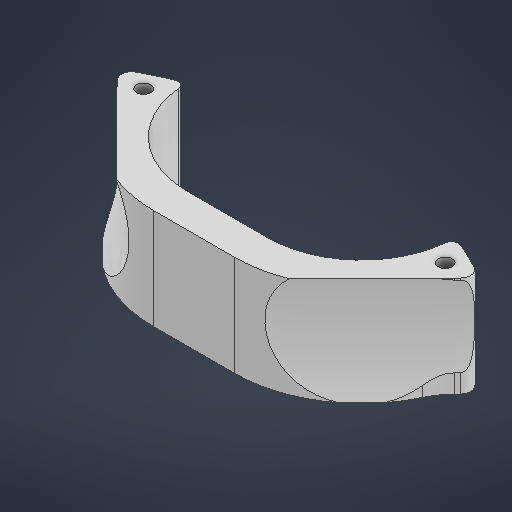
# Autodesk Inventor part: Ballkuhle
Saved by Autodesk Inventor 2025.3 (Build 293356000, 356)
## iProperties
Created: 2024-10-04
Part Number: Ballkuhle
Material: Generisch
Document SubType Name: Modeling
Designer: Mathimazierer
Density: 1 g/cm^3
Appearance: Vorgabe
Author: Mathimazierer
Autodesk Inventor part; units mm, degrees
ref_plane "YZ Plane" through (0, 0, 0) normal (1, 0, 0) x (0, 1, 0)
ref_plane "XZ Plane" through (0, 0, 0) normal (0, 1, 0) x (-1, 0, 0)
ref_plane "XY Plane" through (0, 0, 0) normal (0, 0, 1) x (1, 0, 0)
sketch "Skizze6" plane through (0, 0, 0) normal (0, 0, 1) x (1, 0, 0)
  arc A0 (21.4454, -27.1023) -> (20.0312, -26.5165) centre (20.0312, -28.5165) ccw
  line L0 (20.0312, -26.5165) -> (-20.0312, -26.5165)
  arc A1 (-20.0312, -26.5165) -> (-21.4454, -27.1023) centre (-20.0312, -28.5165) ccw
  line L1 (-21.4454, -27.1023) -> (-51.9723, -57.6292)
  line L2 (-51.9723, -57.6292) -> (-42.4264, -67.1751)
  arc A2 (-38.3776, -89.6293) -> (-42.4264, -67.1751) centre (-56.5685, -81.3173) ccw
  arc A3 (-38.3776, -89.6293) -> (38.3776, -89.6293) centre (0, 0) ccw
  arc A4 (42.4264, -67.1751) -> (38.3776, -89.6293) centre (56.5685, -81.3173) ccw
  line L3 (42.4264, -67.1751) -> (51.9724, -57.6292)
  line L4 (51.9724, -57.6292) -> (21.4454, -27.1023)
  circle A5 centre (37.8302, -37.8302) radius 1.65
  circle A6 centre (37.8302, 37.8302) radius 1.65
  circle A7 centre (-37.8302, -37.8302) radius 1.65
  circle A8 centre (-37.8302, 37.8302) radius 1.65
  circle A9 centre (-22.7665, 22.7665) radius 1.6
  circle A10 centre (22.7665, 22.7665) radius 1.6
  circle A11 centre (22.7665, -22.7665) radius 1.6
  circle A12 centre (-22.7665, -22.7665) radius 1.6
  line L5 (19.0165, -19.0165) -> (19.0165, 19.0165)
  line L6 (19.0165, 19.0165) -> (-19.0165, 19.0165)
  line L7 (-19.0165, 19.0165) -> (-19.0165, -19.0165)
  line L8 (-19.0165, -19.0165) -> (19.0165, -19.0165)
  line L9 (26.5165, -20.8596) -> (57.6292, -51.9723)
  line L10 (57.6292, -51.9723) -> (67.1751, -42.4264)
  arc A13 (89.6293, -38.3776) -> (67.1751, -42.4264) centre (81.3173, -56.5685) ccw
  arc A14 (89.6293, -38.3776) -> (89.6293, 38.3776) centre (0, 0) ccw
  arc A15 (67.1751, 42.4264) -> (89.6293, 38.3776) centre (81.3173, 56.5685) ccw
  line L11 (67.1751, 42.4264) -> (57.6292, 51.9724)
  line L12 (57.6292, 51.9724) -> (26.5165, 20.8597)
  line L13 (26.5165, 20.8597) -> (26.5165, -20.8596)
  line L14 (-26.5165, 20.8596) -> (-57.6292, 51.9723)
  line L15 (-57.6292, 51.9723) -> (-67.1751, 42.4264)
  arc A16 (-89.6293, 38.3776) -> (-67.1751, 42.4264) centre (-81.3173, 56.5685) ccw
  arc A17 (-89.6293, 38.3776) -> (-89.6293, -38.3776) centre (0, 0) ccw
  arc A18 (-67.1751, -42.4264) -> (-89.6293, -38.3776) centre (-81.3173, -56.5685) ccw
  line L16 (-67.1751, -42.4264) -> (-57.6292, -51.9724)
  line L17 (-57.6292, -51.9724) -> (-26.5165, -20.8597)
  line L18 (-26.5165, -20.8597) -> (-26.5165, 20.8596)
  circle A19 centre (-44.3776, -92.6293) radius 1.6
  circle A20 centre (92.6293, 44.3776) radius 1.6
  circle A21 centre (-92.6293, -44.3776) radius 1.6
  circle A22 centre (44.3776, -92.6293) radius 1.6
  circle A23 centre (92.6293, -44.3776) radius 1.6
  circle A24 centre (-92.6293, 44.3776) radius 1.6
  circle A25 centre (45, 91.781) radius 1.6
  circle A26 centre (-45, 91.781) radius 1.6
  circle A27 centre (-67.8822, -48.7904) radius 1.6
  circle A28 centre (-48.7904, -67.8823) radius 1.6
  circle A29 centre (48.7904, -67.8822) radius 1.6
  circle A30 centre (67.8823, -48.7904) radius 1.6
  circle A31 centre (-67.8823, 48.7904) radius 1.6
  circle A32 centre (67.8822, 48.7904) radius 1.6
  circle A33 centre (48.7904, 67.8823) radius 1.6
  circle A34 centre (-48.7904, 67.8822) radius 1.6
  arc A35 (12, 61.781) -> (38.5642, 72.6085) centre (12, 99.781) ccw
  line L19 (12, 61.781) -> (-12, 61.781)
  arc A36 (-38.5642, 72.6085) -> (-12, 61.781) centre (-12, 99.781) ccw
  arc A37 (-42.4264, 67.1751) -> (-38.5642, 72.6085) centre (-56.5685, 81.3173) ccw
  line L20 (-42.4264, 67.1751) -> (-51.9724, 57.6292)
  line L21 (-51.9724, 57.6292) -> (-20.8597, 26.5165)
  line L22 (-20.8597, 26.5165) -> (20.8596, 26.5165)
  line L23 (20.8596, 26.5165) -> (51.9723, 57.6292)
  line L24 (51.9723, 57.6292) -> (42.4264, 67.1751)
  arc A38 (38.5642, 72.6085) -> (42.4264, 67.1751) centre (56.5685, 81.3173) ccw
  line L25 (-12, 71.781) -> (12, 71.781)
  arc A39 (12, 71.781) -> (39.8653, 97.0378) centre (12, 99.781) ccw
  arc A40 (42.6492, 98.6778) -> (39.8653, 97.0378) centre (41.8557, 96.8419) ccw
  arc A41 (50.5184, 94.8902) -> (42.6492, 98.6778) centre (0, 0) ccw
  arc A42 (51.2299, 90.1207) -> (50.5184, 94.8902) centre (49.1086, 92.2421) ccw
  line L26 (51.2299, 90.1207) -> (49.4975, 88.3883)
  arc A43 (49.4975, 88.3883) -> (49.4975, 74.2462) centre (56.5685, 81.3173) ccw
  line L27 (49.4975, 74.2462) -> (74.2462, 49.4975)
  arc A44 (74.2462, 49.4975) -> (88.3884, 49.4975) centre (81.3173, 56.5685) ccw
  line L28 (88.3884, 49.4975) -> (90.1208, 51.2299)
  arc A45 (94.8902, 50.5184) -> (90.1208, 51.2299) centre (92.2421, 49.1086) ccw
  arc A46 (94.8902, -50.5184) -> (94.8902, 50.5184) centre (0, 0) ccw
  arc A47 (90.1208, -51.2299) -> (94.8902, -50.5184) centre (92.2421, -49.1086) ccw
  line L29 (90.1208, -51.2299) -> (88.3883, -49.4975)
  arc A48 (88.3883, -49.4975) -> (74.2462, -49.4975) centre (81.3173, -56.5685) ccw
  line L30 (74.2462, -49.4975) -> (49.4975, -74.2462)
  arc A49 (49.4975, -74.2462) -> (49.4975, -88.3883) centre (56.5685, -81.3173) ccw
  line L31 (49.4975, -88.3883) -> (51.2299, -90.1207)
  arc A50 (50.5184, -94.8902) -> (51.2299, -90.1207) centre (49.1086, -92.2421) ccw
  arc A51 (-50.5184, -94.8902) -> (50.5184, -94.8902) centre (0, 0) ccw
  arc A52 (-51.2299, -90.1208) -> (-50.5184, -94.8902) centre (-49.1086, -92.2421) ccw
  line L32 (-51.2299, -90.1208) -> (-49.4975, -88.3883)
  arc A53 (-49.4975, -88.3883) -> (-49.4975, -74.2462) centre (-56.5685, -81.3173) ccw
  line L33 (-49.4975, -74.2462) -> (-74.2462, -49.4975)
  arc A54 (-74.2462, -49.4975) -> (-88.3883, -49.4975) centre (-81.3173, -56.5685) ccw
  line L34 (-88.3883, -49.4975) -> (-90.1207, -51.2299)
  arc A55 (-94.8902, -50.5184) -> (-90.1207, -51.2299) centre (-92.2421, -49.1086) ccw
  arc A56 (-94.8902, 50.5184) -> (-94.8902, -50.5184) centre (0, 0) ccw
  arc A57 (-90.1208, 51.2299) -> (-94.8902, 50.5184) centre (-92.2421, 49.1086) ccw
  line L35 (-90.1208, 51.2299) -> (-88.3883, 49.4975)
  arc A58 (-88.3883, 49.4975) -> (-74.2462, 49.4975) centre (-81.3173, 56.5685) ccw
  line L36 (-74.2462, 49.4975) -> (-49.4975, 74.2462)
  arc A59 (-49.4975, 74.2462) -> (-49.4975, 88.3883) centre (-56.5685, 81.3173) ccw
  line L37 (-49.4975, 88.3883) -> (-51.2299, 90.1207)
  arc A60 (-50.5184, 94.8902) -> (-51.2299, 90.1207) centre (-49.1086, 92.2421) ccw
  arc A61 (-42.6492, 98.6778) -> (-50.5184, 94.8902) centre (0, 0) ccw
  arc A62 (-39.8653, 97.0378) -> (-42.6492, 98.6778) centre (-41.8557, 96.8419) ccw
  arc A63 (-39.8653, 97.0378) -> (-12, 71.781) centre (-12, 99.781) ccw
  arc A64 (-47.6003, 86.4911) -> (-12, 61.781) centre (-12, 99.781) ccw
  line L38 (-49.4975, 88.3883) -> (-47.6003, 86.4911)
  line L39 (0, 71.781) -> (0, 61.781) construction
  arc A65 (12, 61.781) -> (47.6003, 86.4911) centre (12, 99.781) ccw
  line L40 (49.4975, 88.3883) -> (47.6003, 86.4911)
  point P0 (0, 0)
  point P1 (0, 0)
  point P2 (38.5642, 72.6085)
  constraints: 84 point on circle, 82 end point, 66 centre point, 2 midpoint, 2 symmetric about line, 1 coincident, 1 concentric, 1 other
extrude "Extrusion4" add sketch "Skizze6" against normal blind 30 contours L19 A36 A64 L38 L37 A60 A61 A62 A63 L25 A39 A40 A41 A42 L26 L40 A65 A35
fillet "Rundung2" radius 20 2 edges at (47.6003, 86.4911, -15) (-47.6003, 86.4911, -15)
sketch "Skizze7" plane through (0, 0, 0) normal (0, 0, 1) x (1, 0, 0)
  line L0 (0, 0) -> (-29.0841, 0) construction
  line L1 (0, 0) -> (-84.8528, 84.8528)
  line L2 (-111.3693, 68.9429) -> (-68.9429, 111.3693)
  line L3 (-68.9429, 111.3693) -> (-58.3363, 100.7627)
  line L4 (-58.3363, 100.7627) -> (-100.7627, 58.3363)
  line L5 (-100.7627, 58.3363) -> (-111.3693, 68.9429)
  line L6 (-111.3693, 68.9429) -> (-58.3363, 100.7627) construction
  line L7 (-68.9429, 111.3693) -> (-100.7627, 58.3363) construction
  dimension "d19" = 45
  dimension "d20" = 120
  dimension "d21" = 60
  dimension "d22" = 15
  constraints: 16 end point, 2 midpoint, 2 parallel, 1 perpendicular
  measures "d19" angle of L1 L0
  measures "d20" distance of L0.start L1.end
  measures "d21" distance of L2.start L2.end
  measures "d22" distance of L2.end L3.end
extrude "Extrusion5" add sketch "Skizze7" against normal blind 30
sketch "Skizze8" plane through (-68.9429, 111.3693, -30) normal (-0.7071, 0.7071, 0) x (-0.7071, -0.7071, 0)
  line L0 (60, 0) -> (0, 0) projected
  line L1 (30, 0) -> (30, 17.5)
  circle A0 centre (30, 17.5) radius 30
  line L2 (0, 30) -> (60, 30) projected
  line L3 (0, 30) -> (60, 30)
  line L4 (60, 30) -> (60, 0)
  line L5 (60, 0) -> (0, 0)
  line L6 (0, 0) -> (0, 30)
  point P0 (30, 30)
  dimension "d25" = 17.5
  dimension "d26" = 60
  constraints: 10 end point, 2 parallel, 1 centre point, 1 coincident, 1 horizontal, 1 midpoint, 1 perpendicular, 1 vertical
  measures "d25" distance of L1.start L1.end
  measures "d26" diameter of A0
extrude "Extrusion6" cut sketch "Skizze8" against normal up to surface (15 mm away) contours L0 A0 L4 | L0 A0 L2 | A0 L2 L4 | L0 L6 A0 | L6 L2 A0
extrude "Extrusion7" cut sketch "Skizze8" against normal blind 100 contours A0 L0 | L0 A0 L2 | L2 A0
mirror "Spiegeln1" about plane through (0, 0, 0) normal (1, 0, 0) of "Extrusion7"
sketch "Skizze9" plane through (0, 0, 0) normal (0, 0, 1) x (1, 0, 0)
  circle A0 centre (45, 91.781) radius 1.6 projected
  circle A1 centre (45, 91.781) radius 2.1
  circle A2 centre (-45, 91.781) radius 1.6 projected
  circle A3 centre (-45, 91.781) radius 2.1
  point P0 (0, 0)
  dimension "d31" = 4.2
  dimension "d32" = 4.2
  constraints: 2 centre point, 2 coincident
  measures "d31" diameter of A1
  measures "d32" diameter of A3
extrude "Extrusion8" cut sketch "Skizze9" against normal up to surface (30 mm away) contours A0 | A1 | A2 | A3

■ What the exercise asks ■
An exact copy of the lines above, from the one containing "constraints: 10 end" down to the one containing "A0 | L6 L2 A0" and including both, is the whole answer; retype it and nothing else.

■ Solution to this problem ■
  constraints: 10 end point, 2 parallel, 1 centre point, 1 coincident, 1 horizontal, 1 midpoint, 1 perpendicular, 1 vertical
  measures "d25" distance of L1.start L1.end
  measures "d26" diameter of A0
extrude "Extrusion6" cut sketch "Skizze8" against normal up to surface (15 mm away) contours L0 A0 L4 | L0 A0 L2 | A0 L2 L4 | L0 L6 A0 | L6 L2 A0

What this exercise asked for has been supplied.